(Exercise directions):
The expected answer is the set of lines in the data below between the line holding "- net TYPE~22: now also U4001.24 (I22)" and the line holding "- net TYPE~32: now also U4001.34 (I32)", inclusive, written out exactly.

(Provided data):
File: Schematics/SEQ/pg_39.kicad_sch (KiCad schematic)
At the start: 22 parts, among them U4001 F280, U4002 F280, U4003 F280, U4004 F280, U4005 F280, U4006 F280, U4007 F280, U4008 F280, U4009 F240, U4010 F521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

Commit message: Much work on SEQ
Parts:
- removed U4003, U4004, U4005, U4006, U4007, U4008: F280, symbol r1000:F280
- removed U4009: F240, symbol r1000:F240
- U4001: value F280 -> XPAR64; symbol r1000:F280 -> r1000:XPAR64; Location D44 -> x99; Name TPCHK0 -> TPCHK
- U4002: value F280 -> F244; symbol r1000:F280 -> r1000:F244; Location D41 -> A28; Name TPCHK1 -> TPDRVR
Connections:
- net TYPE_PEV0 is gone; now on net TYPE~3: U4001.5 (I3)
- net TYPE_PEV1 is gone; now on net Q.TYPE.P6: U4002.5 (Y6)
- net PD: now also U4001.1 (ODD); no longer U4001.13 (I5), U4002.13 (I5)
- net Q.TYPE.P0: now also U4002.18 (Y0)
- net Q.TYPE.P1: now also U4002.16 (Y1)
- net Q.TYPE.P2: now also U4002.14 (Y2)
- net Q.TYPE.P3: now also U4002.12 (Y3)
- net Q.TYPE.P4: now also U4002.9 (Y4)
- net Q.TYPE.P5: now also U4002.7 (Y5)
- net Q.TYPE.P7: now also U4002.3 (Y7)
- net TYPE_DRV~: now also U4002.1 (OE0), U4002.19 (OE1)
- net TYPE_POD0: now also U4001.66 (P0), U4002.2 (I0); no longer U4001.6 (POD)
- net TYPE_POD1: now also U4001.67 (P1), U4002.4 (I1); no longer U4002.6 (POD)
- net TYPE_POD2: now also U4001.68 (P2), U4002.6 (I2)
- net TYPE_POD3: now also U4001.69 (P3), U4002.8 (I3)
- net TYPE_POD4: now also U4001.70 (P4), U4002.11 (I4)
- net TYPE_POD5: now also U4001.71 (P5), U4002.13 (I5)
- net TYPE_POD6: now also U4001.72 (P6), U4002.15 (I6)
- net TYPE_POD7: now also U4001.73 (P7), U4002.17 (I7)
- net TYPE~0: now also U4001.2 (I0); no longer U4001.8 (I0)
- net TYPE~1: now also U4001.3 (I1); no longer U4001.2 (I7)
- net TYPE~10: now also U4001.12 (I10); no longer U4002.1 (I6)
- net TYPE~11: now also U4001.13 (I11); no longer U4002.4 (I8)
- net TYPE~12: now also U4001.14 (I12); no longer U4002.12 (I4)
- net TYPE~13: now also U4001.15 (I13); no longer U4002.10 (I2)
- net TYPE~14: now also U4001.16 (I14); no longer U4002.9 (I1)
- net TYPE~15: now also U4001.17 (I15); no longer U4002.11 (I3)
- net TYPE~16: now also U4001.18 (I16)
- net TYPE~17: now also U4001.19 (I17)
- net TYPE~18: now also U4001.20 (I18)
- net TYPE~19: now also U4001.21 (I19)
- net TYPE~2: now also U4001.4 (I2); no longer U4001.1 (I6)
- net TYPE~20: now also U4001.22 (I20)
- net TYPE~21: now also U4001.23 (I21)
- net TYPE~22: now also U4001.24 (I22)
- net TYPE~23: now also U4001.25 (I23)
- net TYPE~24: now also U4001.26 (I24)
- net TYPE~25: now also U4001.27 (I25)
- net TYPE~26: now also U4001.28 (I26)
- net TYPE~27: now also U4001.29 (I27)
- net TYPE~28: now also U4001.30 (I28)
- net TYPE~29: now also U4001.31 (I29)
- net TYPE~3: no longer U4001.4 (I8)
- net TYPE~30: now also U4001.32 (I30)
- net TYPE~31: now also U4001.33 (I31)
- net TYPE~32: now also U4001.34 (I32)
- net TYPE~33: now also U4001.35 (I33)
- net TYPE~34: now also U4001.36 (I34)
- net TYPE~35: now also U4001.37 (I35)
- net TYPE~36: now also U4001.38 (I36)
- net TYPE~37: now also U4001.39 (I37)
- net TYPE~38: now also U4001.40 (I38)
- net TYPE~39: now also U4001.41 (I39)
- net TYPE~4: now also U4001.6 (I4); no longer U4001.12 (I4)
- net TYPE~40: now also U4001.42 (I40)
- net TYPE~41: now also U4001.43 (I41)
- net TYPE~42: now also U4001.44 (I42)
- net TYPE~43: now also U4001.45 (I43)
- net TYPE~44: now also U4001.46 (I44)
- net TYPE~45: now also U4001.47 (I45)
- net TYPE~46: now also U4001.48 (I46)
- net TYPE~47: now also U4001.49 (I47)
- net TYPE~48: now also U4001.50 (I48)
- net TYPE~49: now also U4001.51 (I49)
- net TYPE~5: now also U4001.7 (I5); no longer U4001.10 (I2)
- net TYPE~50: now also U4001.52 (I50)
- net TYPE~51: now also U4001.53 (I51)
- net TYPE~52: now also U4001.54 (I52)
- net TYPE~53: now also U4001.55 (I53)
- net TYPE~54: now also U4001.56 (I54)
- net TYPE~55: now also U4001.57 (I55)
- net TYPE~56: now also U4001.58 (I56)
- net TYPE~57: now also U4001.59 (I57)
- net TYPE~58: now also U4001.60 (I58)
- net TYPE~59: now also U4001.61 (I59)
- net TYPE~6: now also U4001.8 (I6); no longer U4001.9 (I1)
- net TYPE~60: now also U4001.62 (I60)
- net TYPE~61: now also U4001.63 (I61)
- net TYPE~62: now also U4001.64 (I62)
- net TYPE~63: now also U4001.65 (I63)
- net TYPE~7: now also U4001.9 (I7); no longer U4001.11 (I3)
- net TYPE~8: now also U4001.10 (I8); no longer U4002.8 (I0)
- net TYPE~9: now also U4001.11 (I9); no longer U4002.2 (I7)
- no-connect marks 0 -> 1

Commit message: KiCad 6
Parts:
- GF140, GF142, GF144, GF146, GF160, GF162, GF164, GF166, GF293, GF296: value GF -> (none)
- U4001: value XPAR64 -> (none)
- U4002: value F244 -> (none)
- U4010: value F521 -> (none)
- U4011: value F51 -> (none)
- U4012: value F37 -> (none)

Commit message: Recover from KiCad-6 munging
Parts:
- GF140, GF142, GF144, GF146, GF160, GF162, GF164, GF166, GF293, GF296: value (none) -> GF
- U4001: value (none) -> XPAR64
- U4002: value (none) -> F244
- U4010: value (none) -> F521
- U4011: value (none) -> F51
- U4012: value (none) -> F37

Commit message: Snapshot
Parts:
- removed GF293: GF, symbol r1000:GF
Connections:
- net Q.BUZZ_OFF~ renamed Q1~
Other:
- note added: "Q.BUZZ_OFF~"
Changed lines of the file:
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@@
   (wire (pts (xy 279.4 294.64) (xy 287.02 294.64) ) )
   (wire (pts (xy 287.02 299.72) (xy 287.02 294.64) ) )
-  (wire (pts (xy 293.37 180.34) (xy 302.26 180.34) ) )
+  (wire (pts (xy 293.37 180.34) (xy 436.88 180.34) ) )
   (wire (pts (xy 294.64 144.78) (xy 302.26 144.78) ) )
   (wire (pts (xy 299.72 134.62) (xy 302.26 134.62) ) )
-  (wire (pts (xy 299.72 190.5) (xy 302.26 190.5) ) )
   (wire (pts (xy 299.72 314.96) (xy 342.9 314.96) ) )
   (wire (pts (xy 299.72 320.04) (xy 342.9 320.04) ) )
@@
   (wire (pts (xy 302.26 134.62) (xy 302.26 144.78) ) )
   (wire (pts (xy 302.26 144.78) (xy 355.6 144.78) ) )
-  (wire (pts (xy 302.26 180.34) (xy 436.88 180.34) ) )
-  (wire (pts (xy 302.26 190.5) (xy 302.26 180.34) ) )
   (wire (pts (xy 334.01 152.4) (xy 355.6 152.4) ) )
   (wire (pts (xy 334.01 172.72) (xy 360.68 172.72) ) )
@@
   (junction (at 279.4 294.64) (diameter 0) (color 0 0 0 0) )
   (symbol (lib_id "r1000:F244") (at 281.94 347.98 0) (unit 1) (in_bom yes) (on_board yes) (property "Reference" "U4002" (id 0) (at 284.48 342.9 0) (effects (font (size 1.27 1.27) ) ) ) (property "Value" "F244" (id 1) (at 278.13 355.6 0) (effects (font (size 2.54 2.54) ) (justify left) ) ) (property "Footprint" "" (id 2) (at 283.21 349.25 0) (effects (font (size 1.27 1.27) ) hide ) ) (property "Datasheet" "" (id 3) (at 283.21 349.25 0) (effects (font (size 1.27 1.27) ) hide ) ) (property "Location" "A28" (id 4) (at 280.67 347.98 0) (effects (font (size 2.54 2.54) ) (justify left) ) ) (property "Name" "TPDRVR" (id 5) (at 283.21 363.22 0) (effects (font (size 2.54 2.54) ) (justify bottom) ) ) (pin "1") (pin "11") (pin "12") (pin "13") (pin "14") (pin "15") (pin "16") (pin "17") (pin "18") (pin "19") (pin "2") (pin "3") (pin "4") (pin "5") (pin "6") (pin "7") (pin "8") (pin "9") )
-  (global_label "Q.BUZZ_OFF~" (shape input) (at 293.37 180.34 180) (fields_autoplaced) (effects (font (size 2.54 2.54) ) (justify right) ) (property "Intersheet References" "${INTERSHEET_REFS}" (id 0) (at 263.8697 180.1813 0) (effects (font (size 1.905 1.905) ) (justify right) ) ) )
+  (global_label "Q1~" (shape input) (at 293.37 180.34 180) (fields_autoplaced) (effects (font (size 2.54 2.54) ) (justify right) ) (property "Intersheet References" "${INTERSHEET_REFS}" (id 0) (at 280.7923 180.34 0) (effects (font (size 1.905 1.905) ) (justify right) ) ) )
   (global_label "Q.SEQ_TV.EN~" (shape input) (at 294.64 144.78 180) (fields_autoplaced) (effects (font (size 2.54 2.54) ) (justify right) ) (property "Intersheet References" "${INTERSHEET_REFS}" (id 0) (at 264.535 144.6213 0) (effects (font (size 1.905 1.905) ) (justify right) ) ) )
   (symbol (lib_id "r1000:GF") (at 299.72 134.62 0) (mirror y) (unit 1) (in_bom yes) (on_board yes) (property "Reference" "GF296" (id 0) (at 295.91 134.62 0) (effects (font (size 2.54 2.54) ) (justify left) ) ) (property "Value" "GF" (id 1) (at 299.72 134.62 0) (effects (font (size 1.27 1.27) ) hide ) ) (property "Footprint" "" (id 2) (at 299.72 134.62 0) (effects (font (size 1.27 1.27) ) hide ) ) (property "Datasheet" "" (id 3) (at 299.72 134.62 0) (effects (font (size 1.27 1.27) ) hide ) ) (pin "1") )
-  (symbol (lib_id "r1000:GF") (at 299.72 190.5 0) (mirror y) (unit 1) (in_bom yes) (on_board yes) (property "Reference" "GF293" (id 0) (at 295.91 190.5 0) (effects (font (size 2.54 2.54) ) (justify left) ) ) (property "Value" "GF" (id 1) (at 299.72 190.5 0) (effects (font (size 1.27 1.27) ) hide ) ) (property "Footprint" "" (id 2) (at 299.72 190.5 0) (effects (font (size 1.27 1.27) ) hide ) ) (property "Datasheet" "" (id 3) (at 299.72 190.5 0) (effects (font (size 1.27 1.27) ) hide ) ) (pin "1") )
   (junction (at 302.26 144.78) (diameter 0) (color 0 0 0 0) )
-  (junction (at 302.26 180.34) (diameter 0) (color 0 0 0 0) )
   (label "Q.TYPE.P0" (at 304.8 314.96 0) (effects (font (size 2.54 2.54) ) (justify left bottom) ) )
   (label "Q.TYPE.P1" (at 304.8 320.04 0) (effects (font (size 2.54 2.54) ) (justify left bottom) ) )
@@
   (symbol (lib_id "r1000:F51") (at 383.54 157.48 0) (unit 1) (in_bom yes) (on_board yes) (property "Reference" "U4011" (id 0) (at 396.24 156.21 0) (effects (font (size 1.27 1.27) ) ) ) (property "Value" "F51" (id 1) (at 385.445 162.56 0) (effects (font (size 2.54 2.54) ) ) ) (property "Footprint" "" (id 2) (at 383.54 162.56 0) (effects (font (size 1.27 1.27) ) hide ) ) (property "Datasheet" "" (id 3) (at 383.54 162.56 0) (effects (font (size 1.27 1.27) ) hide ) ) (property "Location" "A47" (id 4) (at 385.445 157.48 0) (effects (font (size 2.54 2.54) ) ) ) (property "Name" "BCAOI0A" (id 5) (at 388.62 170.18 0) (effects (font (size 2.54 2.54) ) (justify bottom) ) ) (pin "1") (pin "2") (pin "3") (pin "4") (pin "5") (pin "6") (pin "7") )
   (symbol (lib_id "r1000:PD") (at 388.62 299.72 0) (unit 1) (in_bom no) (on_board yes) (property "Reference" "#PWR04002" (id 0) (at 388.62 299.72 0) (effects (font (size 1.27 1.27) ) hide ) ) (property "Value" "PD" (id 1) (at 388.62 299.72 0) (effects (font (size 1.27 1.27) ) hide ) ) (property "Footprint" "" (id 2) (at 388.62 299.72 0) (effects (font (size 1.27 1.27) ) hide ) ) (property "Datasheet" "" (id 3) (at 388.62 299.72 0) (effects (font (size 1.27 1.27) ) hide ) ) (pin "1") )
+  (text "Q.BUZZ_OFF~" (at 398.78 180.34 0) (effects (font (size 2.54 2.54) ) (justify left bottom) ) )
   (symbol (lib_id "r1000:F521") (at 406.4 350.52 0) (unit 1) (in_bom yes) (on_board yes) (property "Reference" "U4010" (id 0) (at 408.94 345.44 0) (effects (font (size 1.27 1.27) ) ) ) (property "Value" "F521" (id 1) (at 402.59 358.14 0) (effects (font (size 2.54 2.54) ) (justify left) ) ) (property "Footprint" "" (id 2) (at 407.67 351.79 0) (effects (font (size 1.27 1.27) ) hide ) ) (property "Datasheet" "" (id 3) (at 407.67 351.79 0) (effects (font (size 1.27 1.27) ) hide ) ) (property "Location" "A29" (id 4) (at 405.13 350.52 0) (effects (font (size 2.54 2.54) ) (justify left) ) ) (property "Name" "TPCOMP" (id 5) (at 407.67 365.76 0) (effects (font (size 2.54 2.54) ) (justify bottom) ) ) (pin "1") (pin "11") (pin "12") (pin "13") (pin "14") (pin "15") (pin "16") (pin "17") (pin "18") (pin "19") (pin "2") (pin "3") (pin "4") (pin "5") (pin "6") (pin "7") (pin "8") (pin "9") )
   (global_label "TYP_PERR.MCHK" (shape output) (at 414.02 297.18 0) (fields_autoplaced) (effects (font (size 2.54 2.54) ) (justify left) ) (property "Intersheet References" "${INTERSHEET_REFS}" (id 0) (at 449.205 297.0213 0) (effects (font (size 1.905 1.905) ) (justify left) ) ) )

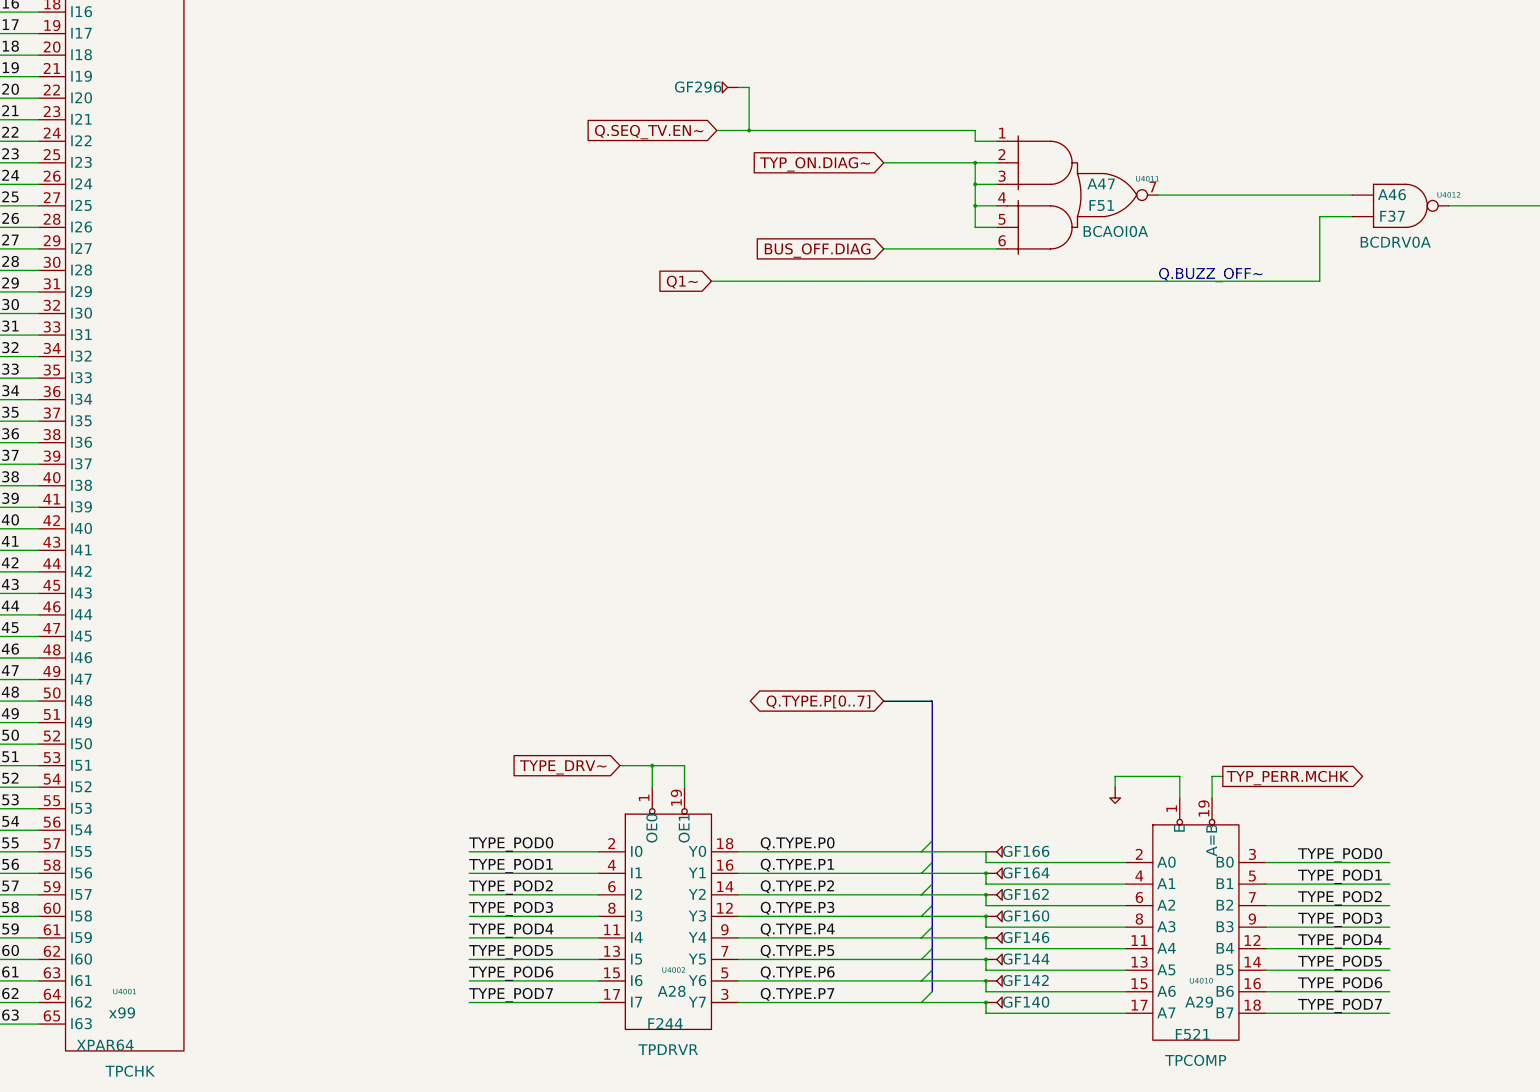
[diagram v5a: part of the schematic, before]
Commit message: Fix polarity of unused part of driven FIU bus.
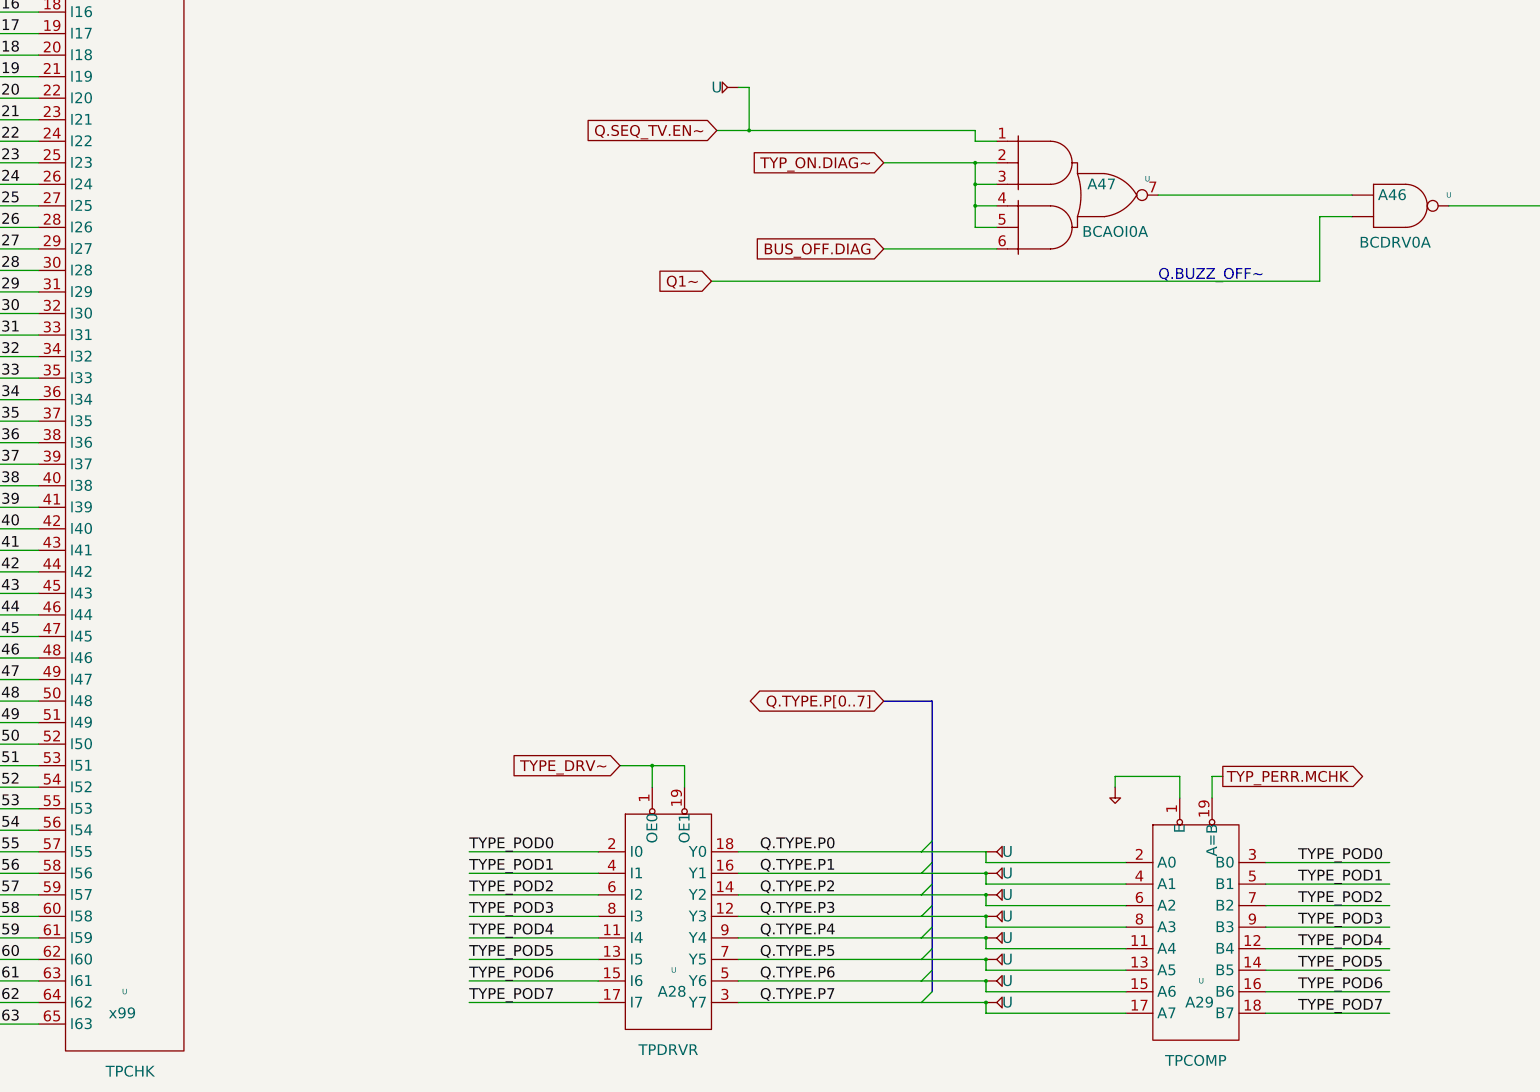
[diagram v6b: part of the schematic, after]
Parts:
- removed GF140, GF142, GF144, GF146, GF160, GF162, GF164, GF166, GF296: GF, symbol r1000:GF
- removed U4001: XPAR64, symbol r1000:XPAR64
- removed U4002: F244, symbol r1000:F244
- removed U4010: F521, symbol r1000:F521
- removed U4011: F51, symbol r1000:F51
- removed U4012: F37, symbol r1000:F37
- added U (x9): (no value), symbol r1000:GF
- added U: (no value), symbol r1000:F37
- added U: (no value), symbol r1000:F521
- added U: (no value), symbol r1000:F244
- added U: (no value), symbol r1000:XPAR64
- added U: (no value), symbol r1000:F51
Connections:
- net BUS_OFF.DIAG: now also U.6 (B3)
- net PD: now also U.1 (E), U.1 (ODD)
- net Q.SEQ_TV.EN~: now also U.1, U.1 (A1)
- net Q.TYPE.P0: now also U.1, U.18 (Y0), U.2 (A0)
- net Q.TYPE.P1: now also U.1, U.16 (Y1), U.4 (A1)
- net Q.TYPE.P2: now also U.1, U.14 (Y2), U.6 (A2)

(Written response):
- net TYPE~22: now also U4001.24 (I22)
- net TYPE~23: now also U4001.25 (I23)
- net TYPE~24: now also U4001.26 (I24)
- net TYPE~25: now also U4001.27 (I25)
- net TYPE~26: now also U4001.28 (I26)
- net TYPE~27: now also U4001.29 (I27)
- net TYPE~28: now also U4001.30 (I28)
- net TYPE~29: now also U4001.31 (I29)
- net TYPE~3: no longer U4001.4 (I8)
- net TYPE~30: now also U4001.32 (I30)
- net TYPE~31: now also U4001.33 (I31)
- net TYPE~32: now also U4001.34 (I32)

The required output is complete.